___ Information given

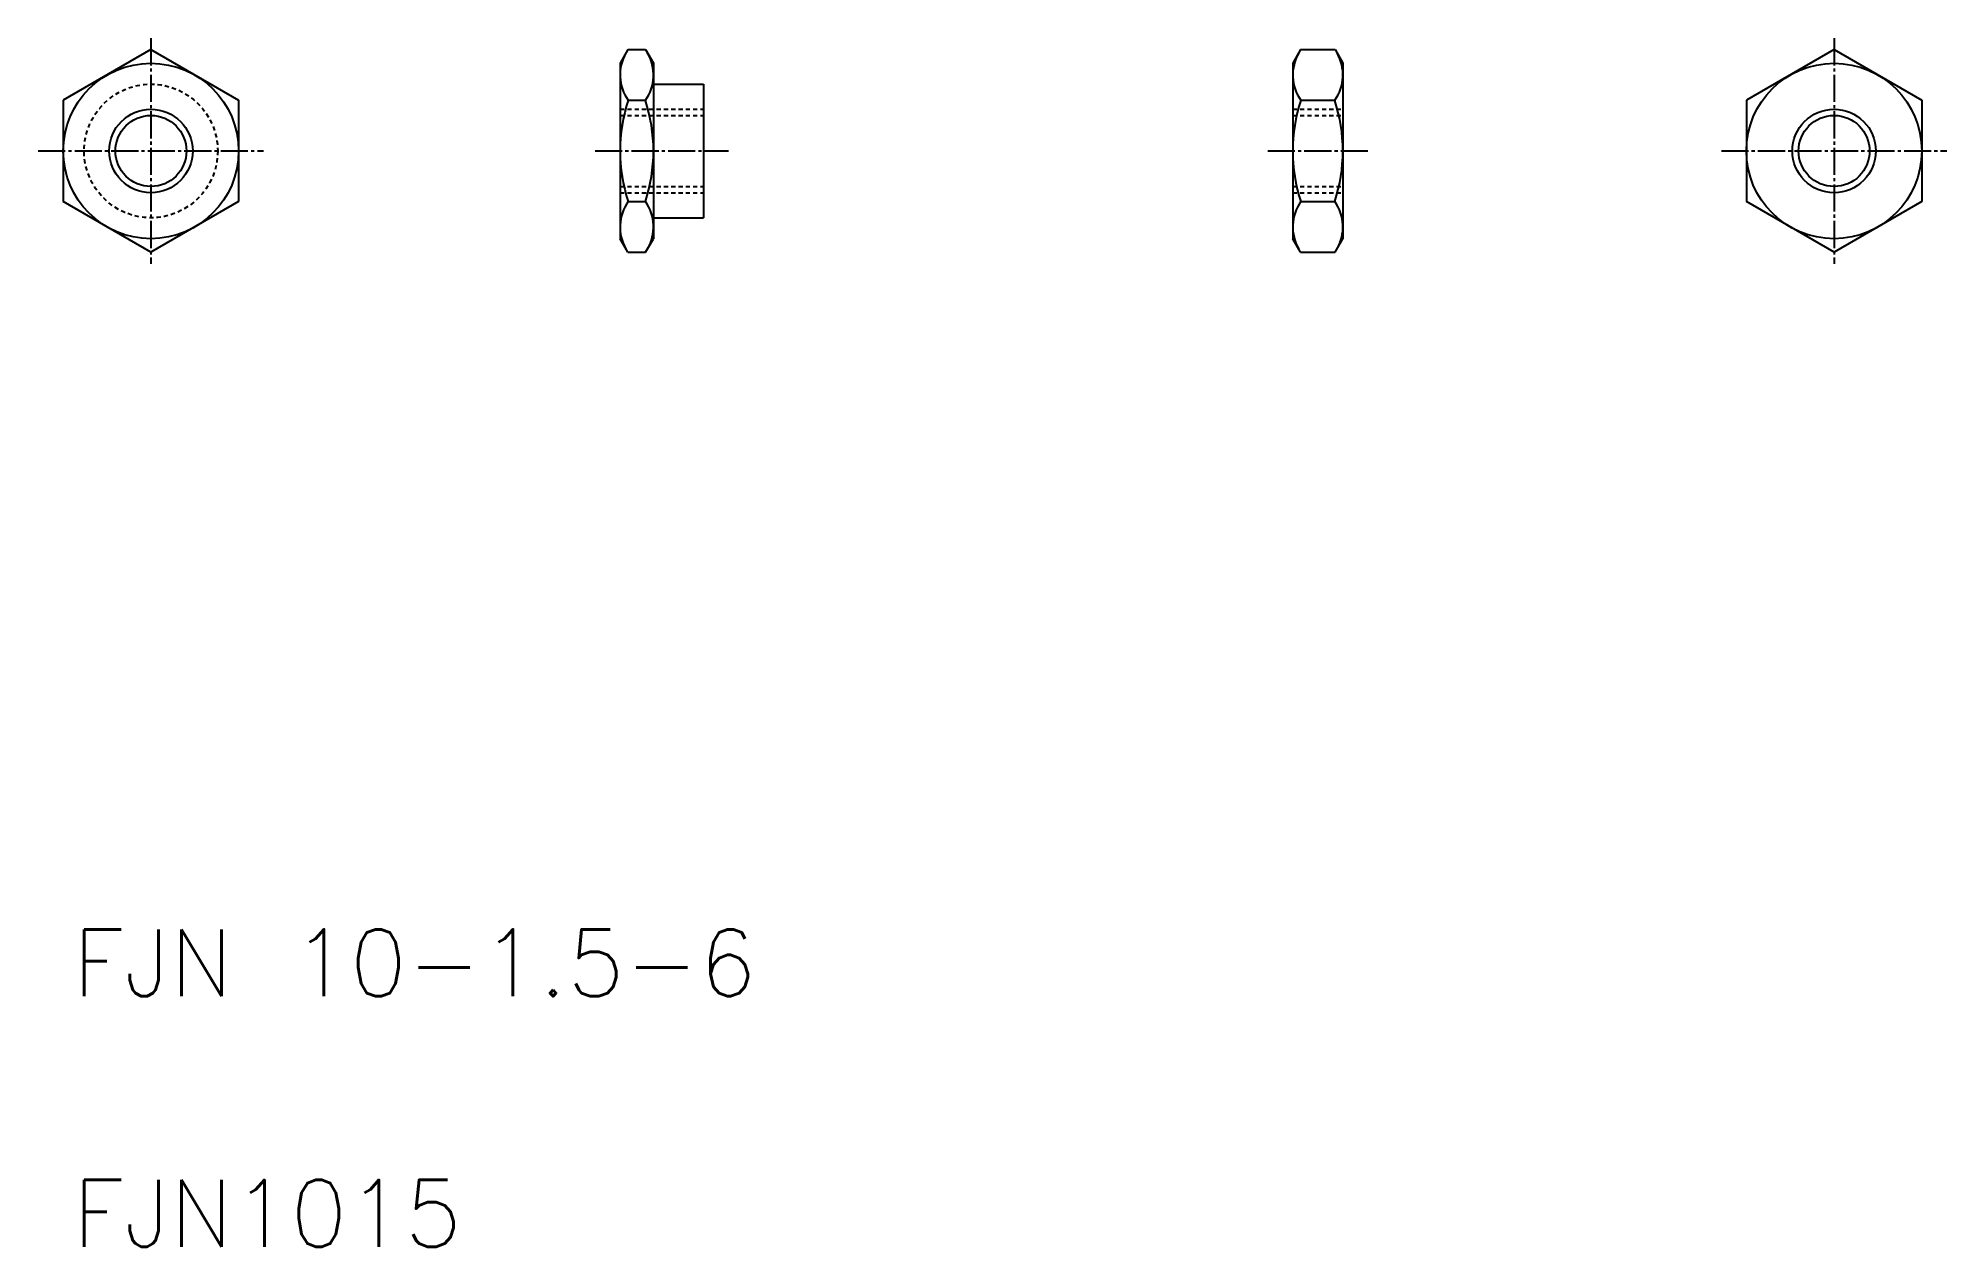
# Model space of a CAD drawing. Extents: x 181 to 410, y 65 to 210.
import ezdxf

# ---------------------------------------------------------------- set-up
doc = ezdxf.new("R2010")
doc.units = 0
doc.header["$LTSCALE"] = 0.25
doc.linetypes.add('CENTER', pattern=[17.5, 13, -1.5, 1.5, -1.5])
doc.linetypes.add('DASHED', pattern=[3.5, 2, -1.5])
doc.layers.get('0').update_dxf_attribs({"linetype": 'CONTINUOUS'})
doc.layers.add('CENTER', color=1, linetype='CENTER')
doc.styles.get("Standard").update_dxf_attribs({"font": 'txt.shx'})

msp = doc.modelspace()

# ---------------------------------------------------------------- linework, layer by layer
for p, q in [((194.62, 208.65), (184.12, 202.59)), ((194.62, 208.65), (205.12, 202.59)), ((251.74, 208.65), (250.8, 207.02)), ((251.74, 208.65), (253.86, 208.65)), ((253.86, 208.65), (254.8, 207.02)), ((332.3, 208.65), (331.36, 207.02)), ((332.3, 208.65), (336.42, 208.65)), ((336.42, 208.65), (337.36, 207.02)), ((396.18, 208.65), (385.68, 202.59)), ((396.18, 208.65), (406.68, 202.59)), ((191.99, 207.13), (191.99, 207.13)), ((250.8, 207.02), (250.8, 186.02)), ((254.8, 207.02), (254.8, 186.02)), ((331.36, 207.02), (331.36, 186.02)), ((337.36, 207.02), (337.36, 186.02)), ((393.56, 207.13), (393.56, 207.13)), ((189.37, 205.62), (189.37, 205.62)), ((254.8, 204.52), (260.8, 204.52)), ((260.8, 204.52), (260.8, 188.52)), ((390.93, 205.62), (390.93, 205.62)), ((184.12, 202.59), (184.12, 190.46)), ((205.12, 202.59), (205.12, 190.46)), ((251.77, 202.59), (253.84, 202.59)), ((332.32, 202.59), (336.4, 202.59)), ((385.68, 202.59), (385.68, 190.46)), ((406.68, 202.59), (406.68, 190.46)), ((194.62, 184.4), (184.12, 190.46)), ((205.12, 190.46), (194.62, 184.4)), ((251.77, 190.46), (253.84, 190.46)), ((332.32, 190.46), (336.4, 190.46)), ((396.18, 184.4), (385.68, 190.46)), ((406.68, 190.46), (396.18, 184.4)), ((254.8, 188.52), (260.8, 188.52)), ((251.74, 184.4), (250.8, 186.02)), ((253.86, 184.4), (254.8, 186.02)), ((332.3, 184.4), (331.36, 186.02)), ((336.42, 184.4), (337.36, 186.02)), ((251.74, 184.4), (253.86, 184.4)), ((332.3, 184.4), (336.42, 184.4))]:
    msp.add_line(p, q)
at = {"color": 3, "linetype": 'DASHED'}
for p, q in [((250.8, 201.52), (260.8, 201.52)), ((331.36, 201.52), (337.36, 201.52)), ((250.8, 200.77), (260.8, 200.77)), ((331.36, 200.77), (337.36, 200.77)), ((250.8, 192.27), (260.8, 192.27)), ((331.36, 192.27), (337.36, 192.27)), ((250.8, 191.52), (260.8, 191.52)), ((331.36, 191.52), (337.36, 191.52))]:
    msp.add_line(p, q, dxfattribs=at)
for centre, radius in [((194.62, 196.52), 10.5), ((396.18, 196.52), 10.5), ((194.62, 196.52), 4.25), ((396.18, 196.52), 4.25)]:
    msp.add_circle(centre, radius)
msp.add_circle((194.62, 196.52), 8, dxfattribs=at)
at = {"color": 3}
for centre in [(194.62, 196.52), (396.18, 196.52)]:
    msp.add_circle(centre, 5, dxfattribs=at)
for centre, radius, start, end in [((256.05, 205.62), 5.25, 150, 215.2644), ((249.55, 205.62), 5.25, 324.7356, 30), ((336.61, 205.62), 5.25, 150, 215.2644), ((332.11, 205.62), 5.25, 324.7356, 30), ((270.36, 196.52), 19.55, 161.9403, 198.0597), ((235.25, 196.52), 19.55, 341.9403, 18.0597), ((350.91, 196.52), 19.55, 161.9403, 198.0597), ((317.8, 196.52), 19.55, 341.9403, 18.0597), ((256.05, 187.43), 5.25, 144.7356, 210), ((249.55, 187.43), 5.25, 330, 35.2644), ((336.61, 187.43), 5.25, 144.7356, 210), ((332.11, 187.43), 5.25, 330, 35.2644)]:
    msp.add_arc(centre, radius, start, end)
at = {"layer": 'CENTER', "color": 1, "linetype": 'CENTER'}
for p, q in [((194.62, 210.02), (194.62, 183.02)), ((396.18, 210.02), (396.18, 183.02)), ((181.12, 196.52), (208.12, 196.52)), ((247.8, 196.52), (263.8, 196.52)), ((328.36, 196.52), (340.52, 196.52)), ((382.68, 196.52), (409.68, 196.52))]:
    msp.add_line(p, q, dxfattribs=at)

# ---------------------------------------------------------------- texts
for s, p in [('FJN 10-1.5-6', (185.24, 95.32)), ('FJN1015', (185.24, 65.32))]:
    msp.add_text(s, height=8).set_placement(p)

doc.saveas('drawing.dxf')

______

» Task details:
No pictures should appear in the copy, which holds exactly the lines from the first line of the data through the line with "doc.linetypes.add('CENTER', pattern=[17.5, 13, -1.5, 1.5, -1.5])" and nothing else.

» Output below:
# Model space of a CAD drawing. Extents: x 181 to 410, y 65 to 210.
import ezdxf

# ---------------------------------------------------------------- set-up
doc = ezdxf.new("R2010")
doc.units = 0
doc.header["$LTSCALE"] = 0.25
doc.linetypes.add('CENTER', pattern=[17.5, 13, -1.5, 1.5, -1.5])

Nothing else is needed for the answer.